34. I note that [the applicant] arrived in Australia prior to the Eritrea became [sic] an independent country in 1991 and consequently has not resided in Eritrea.
35. I note that Eritrea is a developing economy. While [the applicant] may have equal access to health and other services as are generally available to other Eritrean citizens in the same position as [the applicant], I recognise that the health care and welfare systems in Eritrea offer limited support to its citizens and will be of a significantly lower standard compared with those available to him in Australia.
36. I find that [the applicant] has limited education and employment background in Eritrea, and that he may encounter substantial difficulties in finding employment, considering his age and health conditions.
37. With his traumatised past, limited employment prospects, alcohol addiction and mental health problems, lack of familial and social support in Eritrea and the lengthy residence in Australia, I find that [the applicant] will experience considerable emotional, financial and practical hardship should he be removed to his home country. His mental health conditions are likely to deteriorate further with possible relapse in alcoholism and I have taken this into consideration in making my decision.

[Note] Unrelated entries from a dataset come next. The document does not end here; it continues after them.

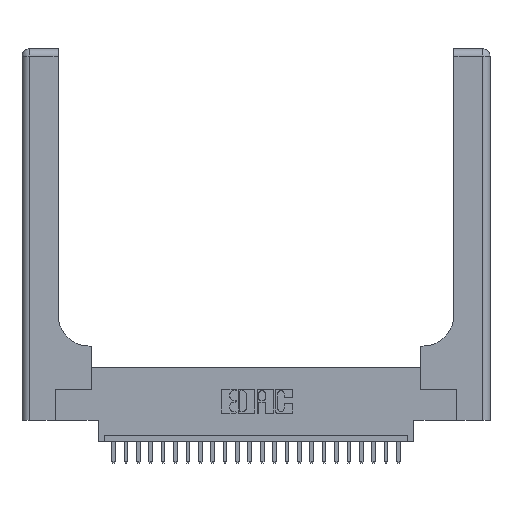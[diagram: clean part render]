
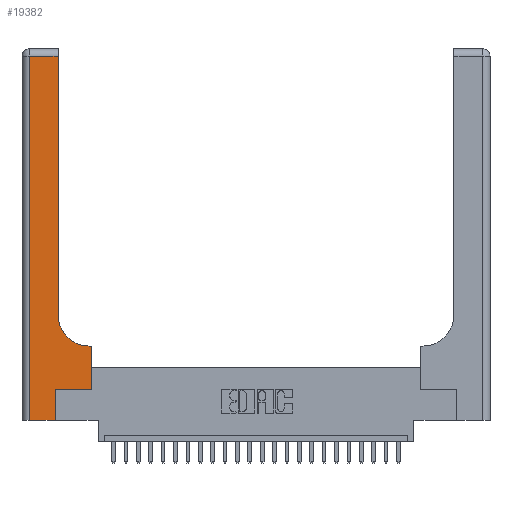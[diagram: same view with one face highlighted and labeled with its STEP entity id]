
A CAD part, top view. The second image highlights one B-rep face of the part: STEP entity #19382.
In plain terms, the highlighted planar face has unit normal (0, 0, 1).
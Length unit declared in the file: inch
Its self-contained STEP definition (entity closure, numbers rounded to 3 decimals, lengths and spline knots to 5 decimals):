
#22 = EDGE_CURVE ( 'NONE', #10821, #12915, #10415, .T. ) ;
#27 = CARTESIAN_POINT ( 'NONE',  ( 0.269, 0.25, 0.37 ) ) ;
#240 = CARTESIAN_POINT ( 'NONE',  ( 0.2915, 0.85, 0.37 ) ) ;
#520 = VECTOR ( 'NONE', #16933, 39.37008 ) ;
#847 = VECTOR ( 'NONE', #11407, 39.37008 ) ;
#1507 = DIRECTION ( 'NONE',  ( 0., 0., -1. ) ) ;
#2262 = FACE_OUTER_BOUND ( 'NONE', #18681, .T. ) ;
#2462 = PLANE ( 'NONE',  #17873 ) ;
#2760 = VECTOR ( 'NONE', #5846, 39.37008 ) ;
#2825 = CARTESIAN_POINT ( 'NONE',  ( 0.5415, 0.85, 0.37 ) ) ;
#2934 = CARTESIAN_POINT ( 'NONE',  ( 0., 2.94, 0.37 ) ) ;
#3044 = LINE ( 'NONE', #25189, #9357 ) ;
#3524 = EDGE_CURVE ( 'NONE', #20379, #23088, #20288, .T. ) ;
#3752 = EDGE_CURVE ( 'NONE', #13357, #19452, #24642, .T. ) ;
#4020 = ORIENTED_EDGE ( 'NONE', *, *, #4589, .T. ) ;
#4037 = VECTOR ( 'NONE', #7393, 39.37008 ) ;
#4589 = EDGE_CURVE ( 'NONE', #12915, #20603, #8318, .T. ) ;
#5734 = VERTEX_POINT ( 'NONE', #18157 ) ;
#5846 = DIRECTION ( 'NONE',  ( 0., -1., 0. ) ) ;
#5941 = VECTOR ( 'NONE', #17721, 39.37008 ) ;
#6159 = ORIENTED_EDGE ( 'NONE', *, *, #3524, .T. ) ;
#6251 = EDGE_CURVE ( 'NONE', #23088, #15015, #9547, .T. ) ;
#6645 = AXIS2_PLACEMENT_3D ( 'NONE', #2825, #1507, #19930 ) ;
#7267 = CARTESIAN_POINT ( 'NONE',  ( 0.2915, 0.6, 0.37 ) ) ;
#7393 = DIRECTION ( 'NONE',  ( 0., 1., 0. ) ) ;
#8318 = LINE ( 'NONE', #11122, #14581 ) ;
#9306 = CARTESIAN_POINT ( 'NONE',  ( 0.06, 0., 0.37 ) ) ;
#9357 = VECTOR ( 'NONE', #15752, 39.37008 ) ;
#9390 = LINE ( 'NONE', #12124, #5941 ) ;
#9547 = CIRCLE ( 'NONE', #6645, 0.25 ) ;
#10415 = LINE ( 'NONE', #18284, #12933 ) ;
#10821 = VERTEX_POINT ( 'NONE', #9306 ) ;
#11122 = CARTESIAN_POINT ( 'NONE',  ( 0.269, 0., 0.37 ) ) ;
#11310 = ORIENTED_EDGE ( 'NONE', *, *, #13451, .T. ) ;
#11407 = DIRECTION ( 'NONE',  ( -1., 0., 0. ) ) ;
#11718 = CARTESIAN_POINT ( 'NONE',  ( 0.06, 3., 0.37 ) ) ;
#11971 = CARTESIAN_POINT ( 'NONE',  ( 0.269, 0., 0.37 ) ) ;
#12124 = CARTESIAN_POINT ( 'NONE',  ( 0.2915, 3., 0.37 ) ) ;
#12737 = ORIENTED_EDGE ( 'NONE', *, *, #3752, .T. ) ;
#12844 = DIRECTION ( 'NONE',  ( 1., 0., 0. ) ) ;
#12861 = EDGE_CURVE ( 'NONE', #19452, #10821, #19412, .T. ) ;
#12915 = VERTEX_POINT ( 'NONE', #11971 ) ;
#12933 = VECTOR ( 'NONE', #12844, 39.37008 ) ;
#13357 = VERTEX_POINT ( 'NONE', #17238 ) ;
#13451 = EDGE_CURVE ( 'NONE', #20603, #5734, #3044, .T. ) ;
#13543 = CARTESIAN_POINT ( 'NONE',  ( 0.5585, 0.6, 0.37 ) ) ;
#14581 = VECTOR ( 'NONE', #25233, 39.37008 ) ;
#14988 = LINE ( 'NONE', #19292, #4037 ) ;
#15015 = VERTEX_POINT ( 'NONE', #240 ) ;
#15752 = DIRECTION ( 'NONE',  ( 1., 0., 0. ) ) ;
#16101 = ORIENTED_EDGE ( 'NONE', *, *, #6251, .T. ) ;
#16538 = EDGE_CURVE ( 'NONE', #15015, #13357, #9390, .T. ) ;
#16933 = DIRECTION ( 'NONE',  ( -1., 0., 0. ) ) ;
#17086 = ORIENTED_EDGE ( 'NONE', *, *, #22695, .T. ) ;
#17238 = CARTESIAN_POINT ( 'NONE',  ( 0.2915, 2.94, 0.37 ) ) ;
#17721 = DIRECTION ( 'NONE',  ( 0., 1., 0. ) ) ;
#17873 = AXIS2_PLACEMENT_3D ( 'NONE', #20260, #22360, #18508 ) ;
#18157 = CARTESIAN_POINT ( 'NONE',  ( 0.5585, 0.25, 0.37 ) ) ;
#18284 = CARTESIAN_POINT ( 'NONE',  ( 0., 0., 0.37 ) ) ;
#18508 = DIRECTION ( 'NONE',  ( -1., 0., 0. ) ) ;
#18681 = EDGE_LOOP ( 'NONE', ( #25790, #12737, #22514, #20825, #4020, #11310, #17086, #6159, #16101 ) ) ;
#18684 = CARTESIAN_POINT ( 'NONE',  ( 0.06, 2.94, 0.37 ) ) ;
#19292 = CARTESIAN_POINT ( 'NONE',  ( 0.5585, 0.25, 0.37 ) ) ;
#19364 = CARTESIAN_POINT ( 'NONE',  ( 0.5415, 0.6, 0.37 ) ) ;
#19382 = ADVANCED_FACE ( 'NONE', ( #2262 ), #2462, .F. ) ;
#19412 = LINE ( 'NONE', #11718, #2760 ) ;
#19452 = VERTEX_POINT ( 'NONE', #18684 ) ;
#19930 = DIRECTION ( 'NONE',  ( 1., 0., 0. ) ) ;
#20260 = CARTESIAN_POINT ( 'NONE',  ( 0., 3., 0.37 ) ) ;
#20288 = LINE ( 'NONE', #7267, #847 ) ;
#20379 = VERTEX_POINT ( 'NONE', #13543 ) ;
#20603 = VERTEX_POINT ( 'NONE', #27 ) ;
#20825 = ORIENTED_EDGE ( 'NONE', *, *, #22, .T. ) ;
#22360 = DIRECTION ( 'NONE',  ( 0., 0., -1. ) ) ;
#22514 = ORIENTED_EDGE ( 'NONE', *, *, #12861, .T. ) ;
#22695 = EDGE_CURVE ( 'NONE', #5734, #20379, #14988, .T. ) ;
#23088 = VERTEX_POINT ( 'NONE', #19364 ) ;
#24642 = LINE ( 'NONE', #2934, #520 ) ;
#25189 = CARTESIAN_POINT ( 'NONE',  ( 0.269, 0.25, 0.37 ) ) ;
#25233 = DIRECTION ( 'NONE',  ( 0., 1., 0. ) ) ;
#25790 = ORIENTED_EDGE ( 'NONE', *, *, #16538, .T. ) ;

19 The Minister then addressed the nature and seriousness of the applicant's criminal offending, finding that he has an extensive criminal record in Australia from 1991 to 2015 and that most of his offences were violent or potentially violent, including different types of assaults and bodily harm offences. These offences were committed against his ex-partner, members of the public and police officers on duty (Minister's reasons at [42]). The Minister also noted that the applicant's victims include pregnant women and persons with medical conditions (Minister's reasons at [54]). Further, the Minister found that for his offending, the applicant has received multiple terms of imprisonment, including a total of four terms of 12 months or more, and that the sentences he received showed that the courts viewed his offending as serious (Minister's reasons at [55]). The Minister also considered the significant cost being born by the Australian community when the applicant's offending was considered cumulatively (Minister's reasons at [56]). Having taken into account the applicant's mitigating circumstances, remorse, recent improvements in his behaviour and abstinence from alcohol, support, programs, education and counselling and other matters relied upon by the applicant, the Minister found that:
79. Notwithstanding the above, I note his lengthy history of offending in Australia, his past failure to overcome his alcohol abuse when in the community, his history of breaching judicial orders and the fact that his rehabilitation has not been tested in the community.
80. I have also noted the psychiatrist's opinion in 2008 that [the applicant] has a 'propensity for violent behaviour', which is likely to be lower only if he remains abstinent and if he remains compliant with his mental health treatment and medications.
81. Taking into account all the circumstances of the case, I find that there is a likelihood that [the applicant] will reoffend. [The applicant's] past offending has resulted in physical and/or psychological harm to multiple victims. Should [the applicant] reoffend with further crimes of violence, I find that it could cause significant physical or psychological harm to members of the Australian community.
20 The Minister concluded that the applicant represents an unacceptable risk of harm to the Australian community and that the protection of the Australian community outweighed any other considerations including, among other things, his lengthy residence in Australia, international non-refoulement obligations and the hardship that the applicant and his family will endure in the event that the original decision is not revoked (Minister's reasons at [90]).